Damit kein Missverständnis entsteht: So ermüdend die nationalen Suchbewegungen und Selbstversöhnungen auch waren – nach der historischen Sensation des Mauerfalls waren sie einfach fällig, sie mussten sein, und niemand wird behaupten, er habe dabei nichts gelernt. Im Übrigen, und auch das sollte gesagt werden, war nicht nur die neunationale Befangenheit schuld daran, dass das intellektuelle Herz mit Europa nicht warm wurde: In der alten Bundesrepublik hatte die politische Macht eine feste Adresse, nämlich Bonn, die urbane Provinz, und mit einigem Recht durften sich die Intellektuellen einbilden, ihre Argumente könnten die Öffentlichkeit beeindrucken.

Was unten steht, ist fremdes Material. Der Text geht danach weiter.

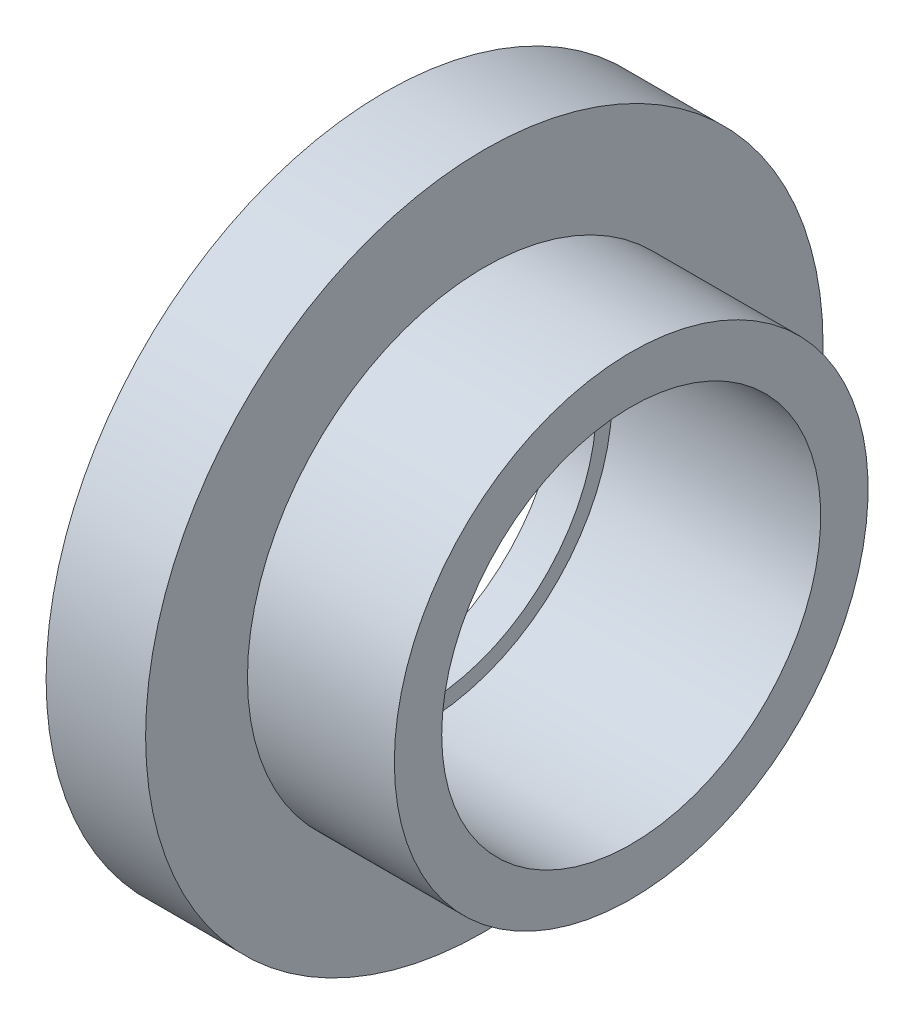
ISO-10303-21;
HEADER;
FILE_DESCRIPTION(('STEP AP214'),'2;1');
FILE_NAME('part.step','',(''),(''),'','','');
FILE_SCHEMA(('AUTOMOTIVE_DESIGN { 1 0 10303 214 1 1 1 1 }'));
ENDSEC;
DATA;
#1=APPLICATION_CONTEXT('core data for automotive mechanical design processes');
#2=APPLICATION_PROTOCOL_DEFINITION('international standard','automotive_design',2000,#1);
#3=PRODUCT_CONTEXT('',#1,'mechanical');
#4=PRODUCT('Part','Part','',(#3));
#5=PRODUCT_RELATED_PRODUCT_CATEGORY('part','',(#4));
#6=PRODUCT_DEFINITION_FORMATION('','',#4);
#7=PRODUCT_DEFINITION_CONTEXT('part definition',#1,'design');
#8=PRODUCT_DEFINITION('design','',#6,#7);
#9=PRODUCT_DEFINITION_SHAPE('','',#8);
#10=(LENGTH_UNIT() NAMED_UNIT(*) SI_UNIT(.MILLI.,.METRE.));
#11=(NAMED_UNIT(*) PLANE_ANGLE_UNIT() SI_UNIT($,.RADIAN.));
#12=(NAMED_UNIT(*) SI_UNIT($,.STERADIAN.) SOLID_ANGLE_UNIT());
#13=UNCERTAINTY_MEASURE_WITH_UNIT(LENGTH_MEASURE(1.E-05),#10,'distance_accuracy_value','');
#14=(GEOMETRIC_REPRESENTATION_CONTEXT(3) GLOBAL_UNCERTAINTY_ASSIGNED_CONTEXT((#13)) GLOBAL_UNIT_ASSIGNED_CONTEXT((#10,
#11,#12)) REPRESENTATION_CONTEXT('',''));
#15=CARTESIAN_POINT('',(0.,0.,0.));
#16=DIRECTION('',(0.,0.,1.));
#17=DIRECTION('',(1.,0.,0.));
#18=AXIS2_PLACEMENT_3D('',#15,#16,#17);
#19=CARTESIAN_POINT('',(6.5,0.,0.));
#20=DIRECTION('',(-1.,0.,0.));
#21=DIRECTION('',(0.,0.,1.));
#22=AXIS2_PLACEMENT_3D('',#19,#20,#21);
#23=CYLINDRICAL_SURFACE('',#22,25.);
#24=CARTESIAN_POINT('',(6.5,0.,0.));
#25=DIRECTION('',(-1.,0.,0.));
#26=DIRECTION('',(0.,0.,1.));
#27=AXIS2_PLACEMENT_3D('',#24,#25,#26);
#28=CIRCLE('',#27,25.);
#29=CARTESIAN_POINT('',(6.5,0.,25.));
#30=VERTEX_POINT('',#29);
#31=EDGE_CURVE('E38',#30,#30,#28,.T.);
#32=ORIENTED_EDGE('',*,*,#31,.F.);
#33=EDGE_LOOP('',(#32));
#34=FACE_BOUND('',#33,.T.);
#35=CARTESIAN_POINT('',(22.,0.,0.));
#36=DIRECTION('',(-1.,0.,0.));
#37=DIRECTION('',(0.,0.,1.));
#38=AXIS2_PLACEMENT_3D('',#35,#36,#37);
#39=CIRCLE('',#38,25.);
#40=CARTESIAN_POINT('',(22.,0.,25.));
#41=VERTEX_POINT('',#40);
#42=EDGE_CURVE('E16',#41,#41,#39,.F.);
#43=ORIENTED_EDGE('',*,*,#42,.F.);
#44=EDGE_LOOP('',(#43));
#45=FACE_BOUND('',#44,.T.);
#46=ADVANCED_FACE('F13',(#34,#45),#23,.T.);
#47=CARTESIAN_POINT('',(22.,25.,25.3000021083545));
#48=DIRECTION('',(1.,0.,0.));
#49=DIRECTION('',(0.,-1.,0.));
#50=AXIS2_PLACEMENT_3D('',#47,#48,#49);
#51=PLANE('',#50);
#52=CARTESIAN_POINT('',(22.,0.,0.));
#53=DIRECTION('',(-1.,0.,0.));
#54=DIRECTION('',(0.,0.,1.));
#55=AXIS2_PLACEMENT_3D('',#52,#53,#54);
#56=CIRCLE('',#55,20.);
#57=CARTESIAN_POINT('',(22.,0.,20.));
#58=VERTEX_POINT('',#57);
#59=EDGE_CURVE('E36',#58,#58,#56,.F.);
#60=ORIENTED_EDGE('',*,*,#59,.F.);
#61=EDGE_LOOP('',(#60));
#62=FACE_BOUND('',#61,.T.);
#63=ORIENTED_EDGE('',*,*,#42,.T.);
#64=EDGE_LOOP('',(#63));
#65=FACE_BOUND('',#64,.T.);
#66=ADVANCED_FACE('F45',(#62,#65),#51,.T.);
#67=CARTESIAN_POINT('',(6.5,35.75,36.1790021083975));
#68=DIRECTION('',(1.,0.,0.));
#69=DIRECTION('',(0.,-1.,0.));
#70=AXIS2_PLACEMENT_3D('',#67,#68,#69);
#71=PLANE('',#70);
#72=ORIENTED_EDGE('',*,*,#31,.T.);
#73=EDGE_LOOP('',(#72));
#74=FACE_BOUND('',#73,.T.);
#75=CARTESIAN_POINT('',(6.5,0.,0.));
#76=DIRECTION('',(-1.,0.,0.));
#77=DIRECTION('',(0.,0.,1.));
#78=AXIS2_PLACEMENT_3D('',#75,#76,#77);
#79=CIRCLE('',#78,35.75);
#80=CARTESIAN_POINT('',(6.5,0.,35.75));
#81=VERTEX_POINT('',#80);
#82=EDGE_CURVE('E33',#81,#81,#79,.T.);
#83=ORIENTED_EDGE('',*,*,#82,.F.);
#84=EDGE_LOOP('',(#83));
#85=FACE_BOUND('',#84,.T.);
#86=ADVANCED_FACE('F53',(#74,#85),#71,.T.);
#87=CARTESIAN_POINT('',(22.,0.,0.));
#88=DIRECTION('',(-1.,0.,0.));
#89=DIRECTION('',(0.,0.,1.));
#90=AXIS2_PLACEMENT_3D('',#87,#88,#89);
#91=CYLINDRICAL_SURFACE('',#90,20.);
#92=ORIENTED_EDGE('',*,*,#59,.T.);
#93=EDGE_LOOP('',(#92));
#94=FACE_BOUND('',#93,.T.);
#95=CARTESIAN_POINT('',(0.,0.,0.));
#96=DIRECTION('',(-1.,0.,0.));
#97=DIRECTION('',(0.,0.,1.));
#98=AXIS2_PLACEMENT_3D('',#95,#96,#97);
#99=CIRCLE('',#98,20.);
#100=CARTESIAN_POINT('',(0.,0.,20.));
#101=VERTEX_POINT('',#100);
#102=EDGE_CURVE('E30',#101,#101,#99,.F.);
#103=ORIENTED_EDGE('',*,*,#102,.F.);
#104=EDGE_LOOP('',(#103));
#105=FACE_BOUND('',#104,.T.);
#106=ADVANCED_FACE('F73',(#94,#105),#91,.F.);
#107=CARTESIAN_POINT('',(-4.,0.,0.));
#108=DIRECTION('',(-1.,0.,0.));
#109=DIRECTION('',(0.,0.,1.));
#110=AXIS2_PLACEMENT_3D('',#107,#108,#109);
#111=CYLINDRICAL_SURFACE('',#110,35.75);
#112=CARTESIAN_POINT('',(-4.,0.,0.));
#113=DIRECTION('',(-1.,0.,0.));
#114=DIRECTION('',(0.,0.,1.));
#115=AXIS2_PLACEMENT_3D('',#112,#113,#114);
#116=CIRCLE('',#115,35.75);
#117=CARTESIAN_POINT('',(-4.,0.,35.75));
#118=VERTEX_POINT('',#117);
#119=EDGE_CURVE('E25',#118,#118,#116,.T.);
#120=ORIENTED_EDGE('',*,*,#119,.F.);
#121=EDGE_LOOP('',(#120));
#122=FACE_BOUND('',#121,.T.);
#123=ORIENTED_EDGE('',*,*,#82,.T.);
#124=EDGE_LOOP('',(#123));
#125=FACE_BOUND('',#124,.T.);
#126=ADVANCED_FACE('F69',(#122,#125),#111,.T.);
#127=CARTESIAN_POINT('',(0.,20.,20.2400021083974));
#128=DIRECTION('',(1.,0.,0.));
#129=DIRECTION('',(0.,-1.,0.));
#130=AXIS2_PLACEMENT_3D('',#127,#128,#129);
#131=PLANE('',#130);
#132=CARTESIAN_POINT('',(0.,0.,0.));
#133=DIRECTION('',(-1.,0.,0.));
#134=DIRECTION('',(0.,0.,1.));
#135=AXIS2_PLACEMENT_3D('',#132,#133,#134);
#136=CIRCLE('',#135,18.3333333333333);
#137=CARTESIAN_POINT('',(0.,0.,18.3333333333333));
#138=VERTEX_POINT('',#137);
#139=EDGE_CURVE('E20',#138,#138,#136,.F.);
#140=ORIENTED_EDGE('',*,*,#139,.F.);
#141=EDGE_LOOP('',(#140));
#142=FACE_BOUND('',#141,.T.);
#143=ORIENTED_EDGE('',*,*,#102,.T.);
#144=EDGE_LOOP('',(#143));
#145=FACE_BOUND('',#144,.T.);
#146=ADVANCED_FACE('F63',(#142,#145),#131,.T.);
#147=CARTESIAN_POINT('',(-4.,-35.75,36.1790021083383));
#148=DIRECTION('',(-1.,0.,0.));
#149=DIRECTION('',(0.,1.,0.));
#150=AXIS2_PLACEMENT_3D('',#147,#148,#149);
#151=PLANE('',#150);
#152=CARTESIAN_POINT('',(-4.,0.,0.));
#153=DIRECTION('',(-1.,0.,0.));
#154=DIRECTION('',(0.,0.,1.));
#155=AXIS2_PLACEMENT_3D('',#152,#153,#154);
#156=CIRCLE('',#155,18.3333333333333);
#157=CARTESIAN_POINT('',(-4.,0.,18.3333333333333));
#158=VERTEX_POINT('',#157);
#159=EDGE_CURVE('E8',#158,#158,#156,.T.);
#160=ORIENTED_EDGE('',*,*,#159,.F.);
#161=EDGE_LOOP('',(#160));
#162=FACE_BOUND('',#161,.T.);
#163=ORIENTED_EDGE('',*,*,#119,.T.);
#164=EDGE_LOOP('',(#163));
#165=FACE_BOUND('',#164,.T.);
#166=ADVANCED_FACE('F57',(#162,#165),#151,.T.);
#167=CARTESIAN_POINT('',(0.,0.,0.));
#168=DIRECTION('',(-1.,0.,0.));
#169=DIRECTION('',(0.,0.,1.));
#170=AXIS2_PLACEMENT_3D('',#167,#168,#169);
#171=CYLINDRICAL_SURFACE('',#170,18.3333333333333);
#172=ORIENTED_EDGE('',*,*,#139,.T.);
#173=EDGE_LOOP('',(#172));
#174=FACE_BOUND('',#173,.T.);
#175=ORIENTED_EDGE('',*,*,#159,.T.);
#176=EDGE_LOOP('',(#175));
#177=FACE_BOUND('',#176,.T.);
#178=ADVANCED_FACE('F55',(#174,#177),#171,.F.);
#179=CLOSED_SHELL('',(#46,#66,#86,#106,#126,#146,#166,#178));
#180=MANIFOLD_SOLID_BREP('B1',#179);
#181=ADVANCED_BREP_SHAPE_REPRESENTATION('',(#18,#180),#14);
#182=SHAPE_DEFINITION_REPRESENTATION(#9,#181);
ENDSEC;
END-ISO-10303-21;

Aber welche Adresse hat Europa? Brüssel ist wie eine Realfiktion, eine gigantische Blackbox, ein schalltoter Raum, eine insulare Macht der Absorption ohne den geringsten diskursiven Charme. Brüssel ist solitärer Beton, und Beton entmutigt. Wortmeldungen bleiben durchschlagend wirkungslos, und auch wenn es, anders als ein Gerücht behauptet, durchaus eine intellektuelle europäische Öffentlichkeit gibt, zum Beispiel die Zeitschrift Lettre oder die Magazinrundschau des Perlentauchers – die Themen fokussieren sich nicht, sie finden kein Gehör, es bleibt beim Stimmengewirr. Wer sich – »Ach, Europa« – über die EU erregt, der kann sich ebenso bei den Sternen über das Wetter beklagen.